◆ **Exercise**:
Find the line holding "SolidWorks assembly 473880001, SIM, Assembly, configuration" in the entries below. Give it again exactly, along with every line after it up to and including the line holding "- 473880001, SIM, Base-1: 473880001, SIM, Base".

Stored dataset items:
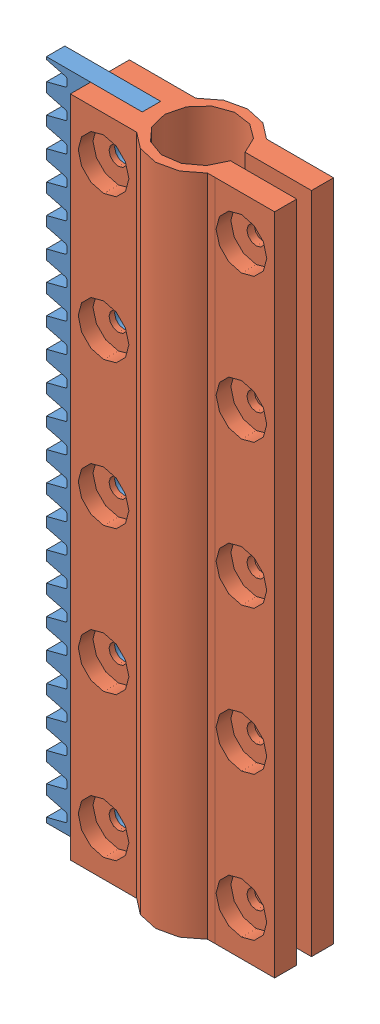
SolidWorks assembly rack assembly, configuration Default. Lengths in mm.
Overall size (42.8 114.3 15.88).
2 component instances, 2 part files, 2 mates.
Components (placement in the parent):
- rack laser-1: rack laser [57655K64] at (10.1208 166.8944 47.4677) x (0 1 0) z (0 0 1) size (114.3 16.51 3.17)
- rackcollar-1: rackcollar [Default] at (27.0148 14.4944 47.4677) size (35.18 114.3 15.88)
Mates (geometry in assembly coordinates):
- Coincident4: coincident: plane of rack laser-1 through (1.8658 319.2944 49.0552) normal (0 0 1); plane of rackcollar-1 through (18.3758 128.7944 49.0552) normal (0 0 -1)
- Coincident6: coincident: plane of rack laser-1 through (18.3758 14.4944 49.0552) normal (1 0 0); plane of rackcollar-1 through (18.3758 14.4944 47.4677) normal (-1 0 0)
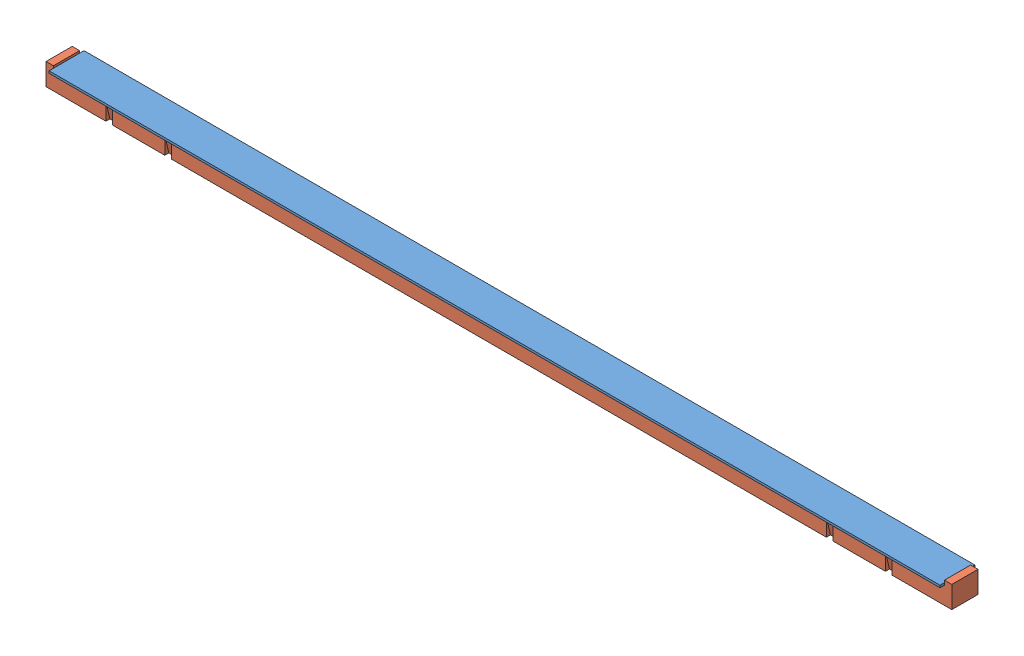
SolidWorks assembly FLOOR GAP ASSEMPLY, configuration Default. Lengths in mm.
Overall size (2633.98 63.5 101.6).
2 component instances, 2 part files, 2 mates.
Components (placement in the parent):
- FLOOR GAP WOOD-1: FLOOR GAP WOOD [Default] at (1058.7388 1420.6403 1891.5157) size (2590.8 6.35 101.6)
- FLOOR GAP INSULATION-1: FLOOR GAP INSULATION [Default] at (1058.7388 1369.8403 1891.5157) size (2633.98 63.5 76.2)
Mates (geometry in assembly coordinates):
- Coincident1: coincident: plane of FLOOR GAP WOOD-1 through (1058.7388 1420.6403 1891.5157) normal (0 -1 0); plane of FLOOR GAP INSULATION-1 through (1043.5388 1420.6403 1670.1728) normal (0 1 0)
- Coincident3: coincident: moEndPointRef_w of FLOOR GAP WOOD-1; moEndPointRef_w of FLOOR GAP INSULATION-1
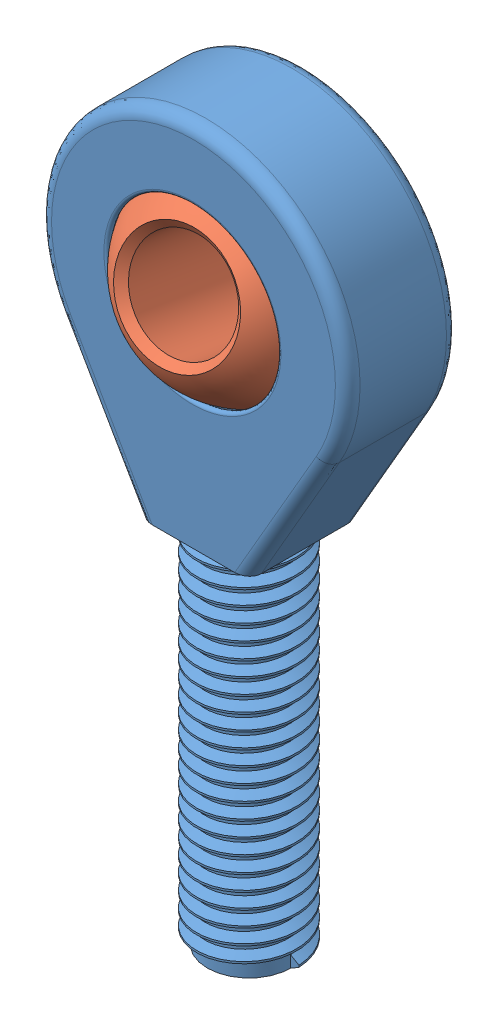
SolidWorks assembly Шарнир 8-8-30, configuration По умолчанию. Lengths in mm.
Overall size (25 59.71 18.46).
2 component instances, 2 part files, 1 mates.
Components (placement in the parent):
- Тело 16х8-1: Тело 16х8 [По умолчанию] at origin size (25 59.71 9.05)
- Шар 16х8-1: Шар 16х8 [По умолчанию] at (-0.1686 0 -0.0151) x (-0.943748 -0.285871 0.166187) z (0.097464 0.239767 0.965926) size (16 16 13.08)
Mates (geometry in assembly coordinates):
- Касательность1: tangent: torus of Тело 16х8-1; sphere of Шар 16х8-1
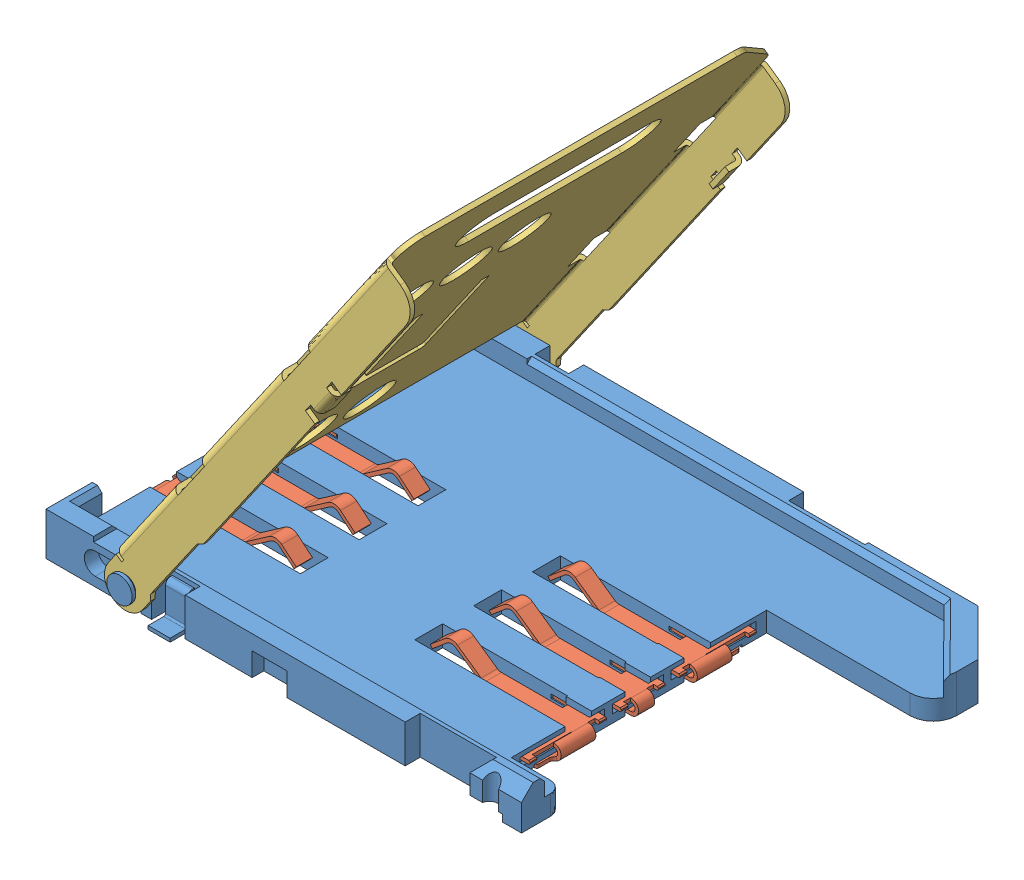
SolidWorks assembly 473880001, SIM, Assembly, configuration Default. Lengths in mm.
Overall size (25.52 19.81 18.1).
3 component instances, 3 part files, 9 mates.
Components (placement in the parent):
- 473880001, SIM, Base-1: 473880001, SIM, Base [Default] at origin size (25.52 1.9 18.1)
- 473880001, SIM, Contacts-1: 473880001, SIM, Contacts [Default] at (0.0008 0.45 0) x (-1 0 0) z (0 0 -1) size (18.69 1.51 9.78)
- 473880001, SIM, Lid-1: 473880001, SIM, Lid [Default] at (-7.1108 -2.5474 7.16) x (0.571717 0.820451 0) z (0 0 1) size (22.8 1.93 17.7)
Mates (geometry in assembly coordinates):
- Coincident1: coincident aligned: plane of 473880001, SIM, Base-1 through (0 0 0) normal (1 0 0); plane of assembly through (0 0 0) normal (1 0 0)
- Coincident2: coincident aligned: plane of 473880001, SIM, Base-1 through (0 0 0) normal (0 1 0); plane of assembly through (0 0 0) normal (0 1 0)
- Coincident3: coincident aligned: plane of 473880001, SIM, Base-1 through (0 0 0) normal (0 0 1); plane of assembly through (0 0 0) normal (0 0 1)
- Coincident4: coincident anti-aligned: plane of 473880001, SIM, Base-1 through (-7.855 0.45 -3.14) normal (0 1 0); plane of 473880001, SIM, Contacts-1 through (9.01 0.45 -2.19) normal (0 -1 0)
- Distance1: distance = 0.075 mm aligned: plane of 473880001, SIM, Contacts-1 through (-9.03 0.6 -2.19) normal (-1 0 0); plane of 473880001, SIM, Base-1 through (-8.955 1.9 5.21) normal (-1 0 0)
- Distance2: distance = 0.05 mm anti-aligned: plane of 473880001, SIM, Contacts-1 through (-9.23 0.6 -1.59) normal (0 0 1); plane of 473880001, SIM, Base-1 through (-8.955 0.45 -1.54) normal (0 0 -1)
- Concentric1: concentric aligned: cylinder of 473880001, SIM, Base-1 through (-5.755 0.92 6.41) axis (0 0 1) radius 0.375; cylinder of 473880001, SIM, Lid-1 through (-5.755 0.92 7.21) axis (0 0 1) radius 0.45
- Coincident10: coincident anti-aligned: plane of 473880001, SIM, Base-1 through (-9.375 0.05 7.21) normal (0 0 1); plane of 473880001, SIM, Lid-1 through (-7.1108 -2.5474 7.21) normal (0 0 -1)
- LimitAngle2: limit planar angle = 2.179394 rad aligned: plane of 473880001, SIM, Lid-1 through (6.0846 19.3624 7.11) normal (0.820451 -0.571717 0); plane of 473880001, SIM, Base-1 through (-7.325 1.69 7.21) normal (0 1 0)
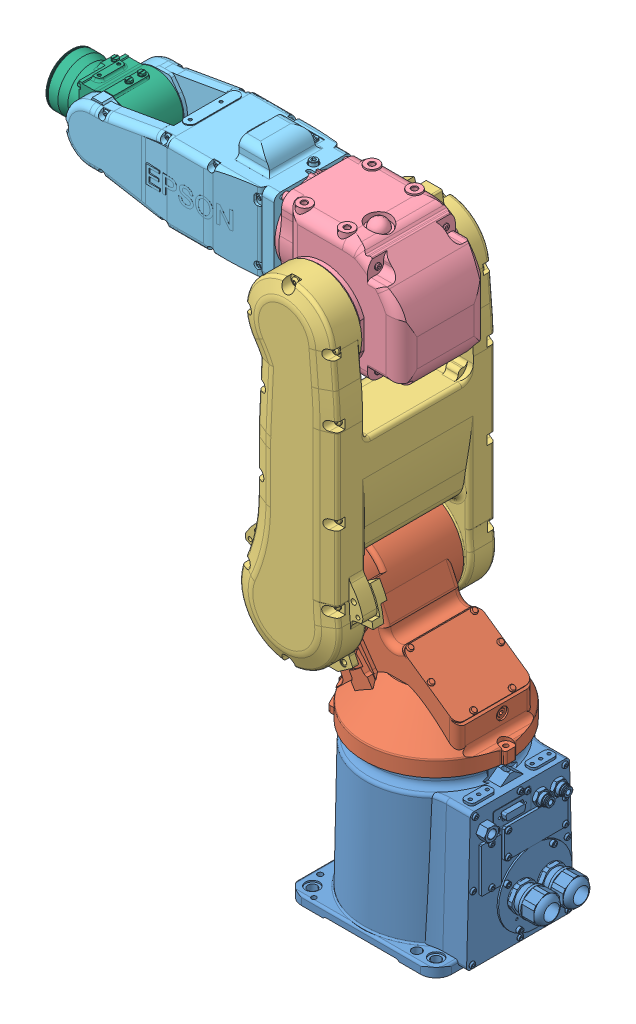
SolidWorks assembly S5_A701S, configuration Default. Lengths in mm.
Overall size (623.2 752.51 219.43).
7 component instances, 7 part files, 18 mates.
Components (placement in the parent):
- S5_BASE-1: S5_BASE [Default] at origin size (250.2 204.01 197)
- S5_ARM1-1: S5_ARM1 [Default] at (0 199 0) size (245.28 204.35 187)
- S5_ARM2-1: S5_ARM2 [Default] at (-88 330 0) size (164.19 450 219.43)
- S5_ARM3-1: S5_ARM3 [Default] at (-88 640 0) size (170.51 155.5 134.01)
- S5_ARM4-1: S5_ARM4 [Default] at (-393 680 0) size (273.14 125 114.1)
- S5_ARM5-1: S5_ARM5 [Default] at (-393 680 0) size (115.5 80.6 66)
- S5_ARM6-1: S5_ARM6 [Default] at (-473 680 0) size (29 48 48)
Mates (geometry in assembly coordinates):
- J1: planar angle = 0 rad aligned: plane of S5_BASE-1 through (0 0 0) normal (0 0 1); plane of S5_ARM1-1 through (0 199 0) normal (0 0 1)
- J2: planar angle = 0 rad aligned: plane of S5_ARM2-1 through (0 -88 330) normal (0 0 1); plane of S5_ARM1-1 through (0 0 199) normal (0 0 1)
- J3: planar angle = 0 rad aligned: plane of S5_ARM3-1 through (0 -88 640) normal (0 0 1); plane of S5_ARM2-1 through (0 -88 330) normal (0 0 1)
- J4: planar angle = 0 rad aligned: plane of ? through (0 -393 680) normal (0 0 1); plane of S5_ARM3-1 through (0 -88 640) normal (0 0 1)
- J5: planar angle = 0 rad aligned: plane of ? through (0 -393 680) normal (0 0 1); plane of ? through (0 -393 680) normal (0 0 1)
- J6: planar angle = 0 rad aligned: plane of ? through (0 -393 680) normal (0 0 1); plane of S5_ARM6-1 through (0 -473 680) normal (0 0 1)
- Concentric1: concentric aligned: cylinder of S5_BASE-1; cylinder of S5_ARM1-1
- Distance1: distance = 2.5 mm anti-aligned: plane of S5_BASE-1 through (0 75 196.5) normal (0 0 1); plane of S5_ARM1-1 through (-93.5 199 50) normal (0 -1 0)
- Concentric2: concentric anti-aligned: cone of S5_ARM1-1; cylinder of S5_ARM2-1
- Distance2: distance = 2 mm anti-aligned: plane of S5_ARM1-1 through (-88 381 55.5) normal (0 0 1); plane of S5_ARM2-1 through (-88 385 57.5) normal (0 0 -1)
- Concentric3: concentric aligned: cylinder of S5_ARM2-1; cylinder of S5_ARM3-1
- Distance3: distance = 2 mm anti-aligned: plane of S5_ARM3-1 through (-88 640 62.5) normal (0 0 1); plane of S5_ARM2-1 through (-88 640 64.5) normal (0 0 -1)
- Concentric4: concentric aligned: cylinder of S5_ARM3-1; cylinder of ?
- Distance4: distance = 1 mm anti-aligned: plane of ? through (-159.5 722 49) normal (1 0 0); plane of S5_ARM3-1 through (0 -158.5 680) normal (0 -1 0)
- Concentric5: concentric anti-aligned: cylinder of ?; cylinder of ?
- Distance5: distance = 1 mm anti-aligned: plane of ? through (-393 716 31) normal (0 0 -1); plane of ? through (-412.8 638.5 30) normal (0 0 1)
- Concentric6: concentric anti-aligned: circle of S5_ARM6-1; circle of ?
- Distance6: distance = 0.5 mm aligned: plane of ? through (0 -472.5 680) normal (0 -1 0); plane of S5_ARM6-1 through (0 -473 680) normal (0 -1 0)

◆ **Finished exercise**:
SolidWorks assembly 473880001, SIM, Assembly, configuration Default. Lengths in mm.
Overall size (25.52 19.81 18.1).
3 component instances, 3 part files, 9 mates.
Components (placement in the parent):
- 473880001, SIM, Base-1: 473880001, SIM, Base [Default] at origin size (25.52 1.9 18.1)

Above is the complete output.